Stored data
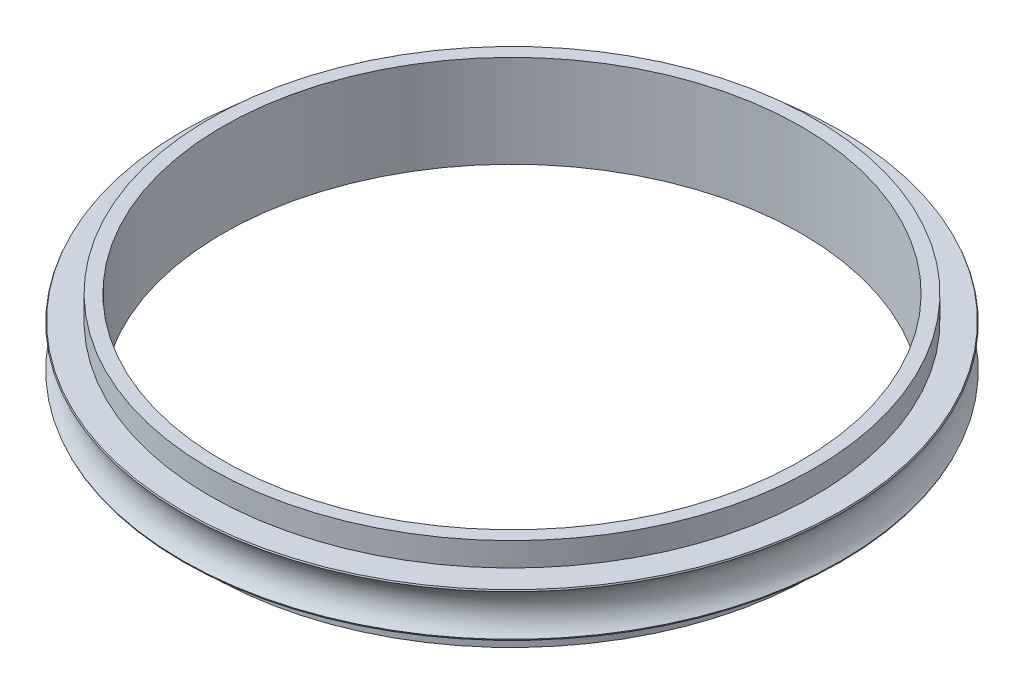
ISO-10303-21;
HEADER;
FILE_DESCRIPTION(('STEP AP214'),'2;1');
FILE_NAME('part.step','',(''),(''),'','','');
FILE_SCHEMA(('AUTOMOTIVE_DESIGN { 1 0 10303 214 1 1 1 1 }'));
ENDSEC;
DATA;
#1=APPLICATION_CONTEXT('core data for automotive mechanical design processes');
#2=APPLICATION_PROTOCOL_DEFINITION('international standard','automotive_design',2000,#1);
#3=PRODUCT_CONTEXT('',#1,'mechanical');
#4=PRODUCT('Part','Part','',(#3));
#5=PRODUCT_RELATED_PRODUCT_CATEGORY('part','',(#4));
#6=PRODUCT_DEFINITION_FORMATION('','',#4);
#7=PRODUCT_DEFINITION_CONTEXT('part definition',#1,'design');
#8=PRODUCT_DEFINITION('design','',#6,#7);
#9=PRODUCT_DEFINITION_SHAPE('','',#8);
#10=(LENGTH_UNIT() NAMED_UNIT(*) SI_UNIT(.MILLI.,.METRE.));
#11=(NAMED_UNIT(*) PLANE_ANGLE_UNIT() SI_UNIT($,.RADIAN.));
#12=(NAMED_UNIT(*) SI_UNIT($,.STERADIAN.) SOLID_ANGLE_UNIT());
#13=UNCERTAINTY_MEASURE_WITH_UNIT(LENGTH_MEASURE(1.E-05),#10,'distance_accuracy_value','');
#14=(GEOMETRIC_REPRESENTATION_CONTEXT(3) GLOBAL_UNCERTAINTY_ASSIGNED_CONTEXT((#13)) GLOBAL_UNIT_ASSIGNED_CONTEXT((#10,
#11,#12)) REPRESENTATION_CONTEXT('',''));
#15=CARTESIAN_POINT('',(0.,0.,0.));
#16=DIRECTION('',(0.,0.,1.));
#17=DIRECTION('',(1.,0.,0.));
#18=AXIS2_PLACEMENT_3D('',#15,#16,#17);
#19=CARTESIAN_POINT('',(0.,-1.95,0.));
#20=DIRECTION('',(0.,1.,0.));
#21=DIRECTION('',(0.,0.,1.));
#22=AXIS2_PLACEMENT_3D('',#19,#20,#21);
#23=CONICAL_SURFACE('',#22,28.423115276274,0.389555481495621);
#24=CARTESIAN_POINT('',(0.,-1.77884460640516,0.));
#25=DIRECTION('',(0.,-1.,0.));
#26=DIRECTION('',(0.,0.,-1.));
#27=AXIS2_PLACEMENT_3D('',#24,#25,#26);
#28=CIRCLE('',#27,28.4933806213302);
#29=CARTESIAN_POINT('',(0.,-1.77884460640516,-28.4933806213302));
#30=VERTEX_POINT('',#29);
#31=EDGE_CURVE('E69',#30,#30,#28,.T.);
#32=ORIENTED_EDGE('',*,*,#31,.T.);
#33=EDGE_LOOP('',(#32));
#34=FACE_BOUND('',#33,.T.);
#35=CARTESIAN_POINT('',(0.,-1.9,0.));
#36=DIRECTION('',(0.,-1.,0.));
#37=DIRECTION('',(0.,0.,-1.));
#38=AXIS2_PLACEMENT_3D('',#35,#36,#37);
#39=CIRCLE('',#38,28.4436420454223);
#40=CARTESIAN_POINT('',(0.,-1.9,-28.4436420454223));
#41=VERTEX_POINT('',#40);
#42=EDGE_CURVE('E39',#41,#41,#39,.F.);
#43=ORIENTED_EDGE('',*,*,#42,.T.);
#44=EDGE_LOOP('',(#43));
#45=FACE_BOUND('',#44,.T.);
#46=ADVANCED_FACE('F35',(#34,#45),#23,.T.);
#47=CARTESIAN_POINT('',(0.,1.77884427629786,0.));
#48=DIRECTION('',(0.,-1.,0.));
#49=DIRECTION('',(0.,0.,-1.));
#50=AXIS2_PLACEMENT_3D('',#47,#48,#49);
#51=CONICAL_SURFACE('',#50,28.49338021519,0.389555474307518);
#52=CARTESIAN_POINT('',(0.,1.77884427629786,0.));
#53=DIRECTION('',(0.,-1.,0.));
#54=DIRECTION('',(0.,0.,-1.));
#55=AXIS2_PLACEMENT_3D('',#52,#53,#54);
#56=CIRCLE('',#55,28.49338021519);
#57=CARTESIAN_POINT('',(0.,1.77884427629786,-28.49338021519));
#58=VERTEX_POINT('',#57);
#59=EDGE_CURVE('E48',#58,#58,#56,.T.);
#60=ORIENTED_EDGE('',*,*,#59,.F.);
#61=EDGE_LOOP('',(#60));
#62=FACE_BOUND('',#61,.T.);
#63=CARTESIAN_POINT('',(0.,1.9,0.));
#64=DIRECTION('',(0.,1.,0.));
#65=DIRECTION('',(0.,0.,1.));
#66=AXIS2_PLACEMENT_3D('',#63,#64,#65);
#67=CIRCLE('',#66,28.4436415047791);
#68=CARTESIAN_POINT('',(0.,1.9,28.4436415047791));
#69=VERTEX_POINT('',#68);
#70=EDGE_CURVE('E51',#69,#69,#67,.F.);
#71=ORIENTED_EDGE('',*,*,#70,.T.);
#72=EDGE_LOOP('',(#71));
#73=FACE_BOUND('',#72,.T.);
#74=ADVANCED_FACE('F78',(#62,#73),#51,.T.);
#75=CARTESIAN_POINT('',(0.,3.54792879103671E-08,0.));
#76=DIRECTION('',(0.,-1.,0.));
#77=DIRECTION('',(0.,0.,-1.));
#78=AXIS2_PLACEMENT_3D('',#75,#76,#77);
#79=TOROIDAL_SURFACE('',#78,30.2500000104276,2.4999999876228);
#80=ORIENTED_EDGE('',*,*,#59,.T.);
#81=EDGE_LOOP('',(#80));
#82=FACE_BOUND('',#81,.T.);
#83=ORIENTED_EDGE('',*,*,#31,.F.);
#84=EDGE_LOOP('',(#83));
#85=FACE_BOUND('',#84,.T.);
#86=ADVANCED_FACE('F75',(#82,#85),#79,.F.);
#87=CARTESIAN_POINT('',(0.,-78.0133693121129,0.));
#88=DIRECTION('',(0.,1.,0.));
#89=DIRECTION('',(0.,0.,1.));
#90=AXIS2_PLACEMENT_3D('',#87,#88,#89);
#91=CYLINDRICAL_SURFACE('',#90,26.15);
#92=CARTESIAN_POINT('',(0.,3.95,0.));
#93=DIRECTION('',(0.,1.,0.));
#94=DIRECTION('',(0.,0.,1.));
#95=AXIS2_PLACEMENT_3D('',#92,#93,#94);
#96=CIRCLE('',#95,26.15);
#97=CARTESIAN_POINT('',(0.,3.95,26.15));
#98=VERTEX_POINT('',#97);
#99=EDGE_CURVE('E58',#98,#98,#96,.T.);
#100=ORIENTED_EDGE('',*,*,#99,.F.);
#101=EDGE_LOOP('',(#100));
#102=FACE_BOUND('',#101,.T.);
#103=CARTESIAN_POINT('',(0.,1.9,0.));
#104=DIRECTION('',(0.,-1.,0.));
#105=DIRECTION('',(0.,0.,-1.));
#106=AXIS2_PLACEMENT_3D('',#103,#104,#105);
#107=CIRCLE('',#106,26.15);
#108=CARTESIAN_POINT('',(0.,1.9,-26.15));
#109=VERTEX_POINT('',#108);
#110=EDGE_CURVE('E54',#109,#109,#107,.T.);
#111=ORIENTED_EDGE('',*,*,#110,.F.);
#112=EDGE_LOOP('',(#111));
#113=FACE_BOUND('',#112,.T.);
#114=ADVANCED_FACE('F86',(#102,#113),#91,.T.);
#115=CARTESIAN_POINT('',(25.,-4.05,0.));
#116=DIRECTION('',(0.,-1.,0.));
#117=DIRECTION('',(0.,0.,-1.));
#118=AXIS2_PLACEMENT_3D('',#115,#116,#117);
#119=PLANE('',#118);
#120=CARTESIAN_POINT('',(0.,-4.05,0.));
#121=DIRECTION('',(0.,-1.,0.));
#122=DIRECTION('',(0.,0.,-1.));
#123=AXIS2_PLACEMENT_3D('',#120,#121,#122);
#124=CIRCLE('',#123,25.);
#125=CARTESIAN_POINT('',(0.,-4.05,-25.));
#126=VERTEX_POINT('',#125);
#127=EDGE_CURVE('E10',#126,#126,#124,.T.);
#128=ORIENTED_EDGE('',*,*,#127,.F.);
#129=EDGE_LOOP('',(#128));
#130=FACE_BOUND('',#129,.T.);
#131=CARTESIAN_POINT('',(0.,-4.05,0.));
#132=DIRECTION('',(0.,-1.,0.));
#133=DIRECTION('',(0.,0.,-1.));
#134=AXIS2_PLACEMENT_3D('',#131,#132,#133);
#135=CIRCLE('',#134,26.15);
#136=CARTESIAN_POINT('',(0.,-4.05,-26.15));
#137=VERTEX_POINT('',#136);
#138=EDGE_CURVE('E53',#137,#137,#135,.F.);
#139=ORIENTED_EDGE('',*,*,#138,.F.);
#140=EDGE_LOOP('',(#139));
#141=FACE_BOUND('',#140,.T.);
#142=ADVANCED_FACE('F37',(#130,#141),#119,.T.);
#143=CARTESIAN_POINT('',(0.,3.95,0.));
#144=DIRECTION('',(0.,-1.,0.));
#145=DIRECTION('',(0.,0.,-1.));
#146=AXIS2_PLACEMENT_3D('',#143,#144,#145);
#147=CYLINDRICAL_SURFACE('',#146,25.);
#148=ORIENTED_EDGE('',*,*,#127,.T.);
#149=EDGE_LOOP('',(#148));
#150=FACE_BOUND('',#149,.T.);
#151=CARTESIAN_POINT('',(0.,3.95,0.));
#152=DIRECTION('',(0.,-1.,0.));
#153=DIRECTION('',(0.,0.,-1.));
#154=AXIS2_PLACEMENT_3D('',#151,#152,#153);
#155=CIRCLE('',#154,25.);
#156=CARTESIAN_POINT('',(0.,3.95,-25.));
#157=VERTEX_POINT('',#156);
#158=EDGE_CURVE('E43',#157,#157,#155,.T.);
#159=ORIENTED_EDGE('',*,*,#158,.F.);
#160=EDGE_LOOP('',(#159));
#161=FACE_BOUND('',#160,.T.);
#162=ADVANCED_FACE('F94',(#150,#161),#147,.F.);
#163=CARTESIAN_POINT('',(26.,3.95,0.));
#164=DIRECTION('',(0.,1.,0.));
#165=DIRECTION('',(0.,0.,1.));
#166=AXIS2_PLACEMENT_3D('',#163,#164,#165);
#167=PLANE('',#166);
#168=ORIENTED_EDGE('',*,*,#158,.T.);
#169=EDGE_LOOP('',(#168));
#170=FACE_BOUND('',#169,.T.);
#171=ORIENTED_EDGE('',*,*,#99,.T.);
#172=EDGE_LOOP('',(#171));
#173=FACE_BOUND('',#172,.T.);
#174=ADVANCED_FACE('F91',(#170,#173),#167,.T.);
#175=ORIENTED_EDGE('',*,*,#138,.T.);
#176=EDGE_LOOP('',(#175));
#177=FACE_BOUND('',#176,.T.);
#178=CARTESIAN_POINT('',(0.,-1.9,0.));
#179=DIRECTION('',(0.,-1.,0.));
#180=DIRECTION('',(0.,0.,-1.));
#181=AXIS2_PLACEMENT_3D('',#178,#179,#180);
#182=CIRCLE('',#181,26.15);
#183=CARTESIAN_POINT('',(0.,-1.9,-26.15));
#184=VERTEX_POINT('',#183);
#185=EDGE_CURVE('E65',#184,#184,#182,.T.);
#186=ORIENTED_EDGE('',*,*,#185,.T.);
#187=EDGE_LOOP('',(#186));
#188=FACE_BOUND('',#187,.T.);
#189=ADVANCED_FACE('F93',(#177,#188),#91,.T.);
#190=CARTESIAN_POINT('',(-34.2457076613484,1.9,0.));
#191=DIRECTION('',(0.,1.,0.));
#192=DIRECTION('',(0.,0.,1.));
#193=AXIS2_PLACEMENT_3D('',#190,#191,#192);
#194=PLANE('',#193);
#195=ORIENTED_EDGE('',*,*,#70,.F.);
#196=EDGE_LOOP('',(#195));
#197=FACE_BOUND('',#196,.T.);
#198=ORIENTED_EDGE('',*,*,#110,.T.);
#199=EDGE_LOOP('',(#198));
#200=FACE_BOUND('',#199,.T.);
#201=ADVANCED_FACE('F113',(#197,#200),#194,.T.);
#202=CARTESIAN_POINT('',(-34.2457076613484,-1.9,0.));
#203=DIRECTION('',(0.,-1.,0.));
#204=DIRECTION('',(0.,0.,-1.));
#205=AXIS2_PLACEMENT_3D('',#202,#203,#204);
#206=PLANE('',#205);
#207=ORIENTED_EDGE('',*,*,#42,.F.);
#208=EDGE_LOOP('',(#207));
#209=FACE_BOUND('',#208,.T.);
#210=ORIENTED_EDGE('',*,*,#185,.F.);
#211=EDGE_LOOP('',(#210));
#212=FACE_BOUND('',#211,.T.);
#213=ADVANCED_FACE('F118',(#209,#212),#206,.T.);
#214=CLOSED_SHELL('',(#46,#74,#86,#114,#142,#162,#174,#189,#201,#213));
#215=MANIFOLD_SOLID_BREP('B2',#214);
#216=ADVANCED_BREP_SHAPE_REPRESENTATION('',(#18,#215),#14);
#217=SHAPE_DEFINITION_REPRESENTATION(#9,#216);
ENDSEC;
END-ISO-10303-21;

What you should do
Only one stretch of the entries above is wanted: the lines from the one containing "#196=EDGE_LOOP('',(#195));" through the one containing "#215=MANIFOLD_SOLID_BREP('B2',#214);". Please reproduce it exactly.

Answer to this task
#196=EDGE_LOOP('',(#195));
#197=FACE_BOUND('',#196,.T.);
#198=ORIENTED_EDGE('',*,*,#110,.T.);
#199=EDGE_LOOP('',(#198));
#200=FACE_BOUND('',#199,.T.);
#201=ADVANCED_FACE('F113',(#197,#200),#194,.T.);
#202=CARTESIAN_POINT('',(-34.2457076613484,-1.9,0.));
#203=DIRECTION('',(0.,-1.,0.));
#204=DIRECTION('',(0.,0.,-1.));
#205=AXIS2_PLACEMENT_3D('',#202,#203,#204);
#206=PLANE('',#205);
#207=ORIENTED_EDGE('',*,*,#42,.F.);
#208=EDGE_LOOP('',(#207));
#209=FACE_BOUND('',#208,.T.);
#210=ORIENTED_EDGE('',*,*,#185,.F.);
#211=EDGE_LOOP('',(#210));
#212=FACE_BOUND('',#211,.T.);
#213=ADVANCED_FACE('F118',(#209,#212),#206,.T.);
#214=CLOSED_SHELL('',(#46,#74,#86,#114,#142,#162,#174,#189,#201,#213));
#215=MANIFOLD_SOLID_BREP('B2',#214);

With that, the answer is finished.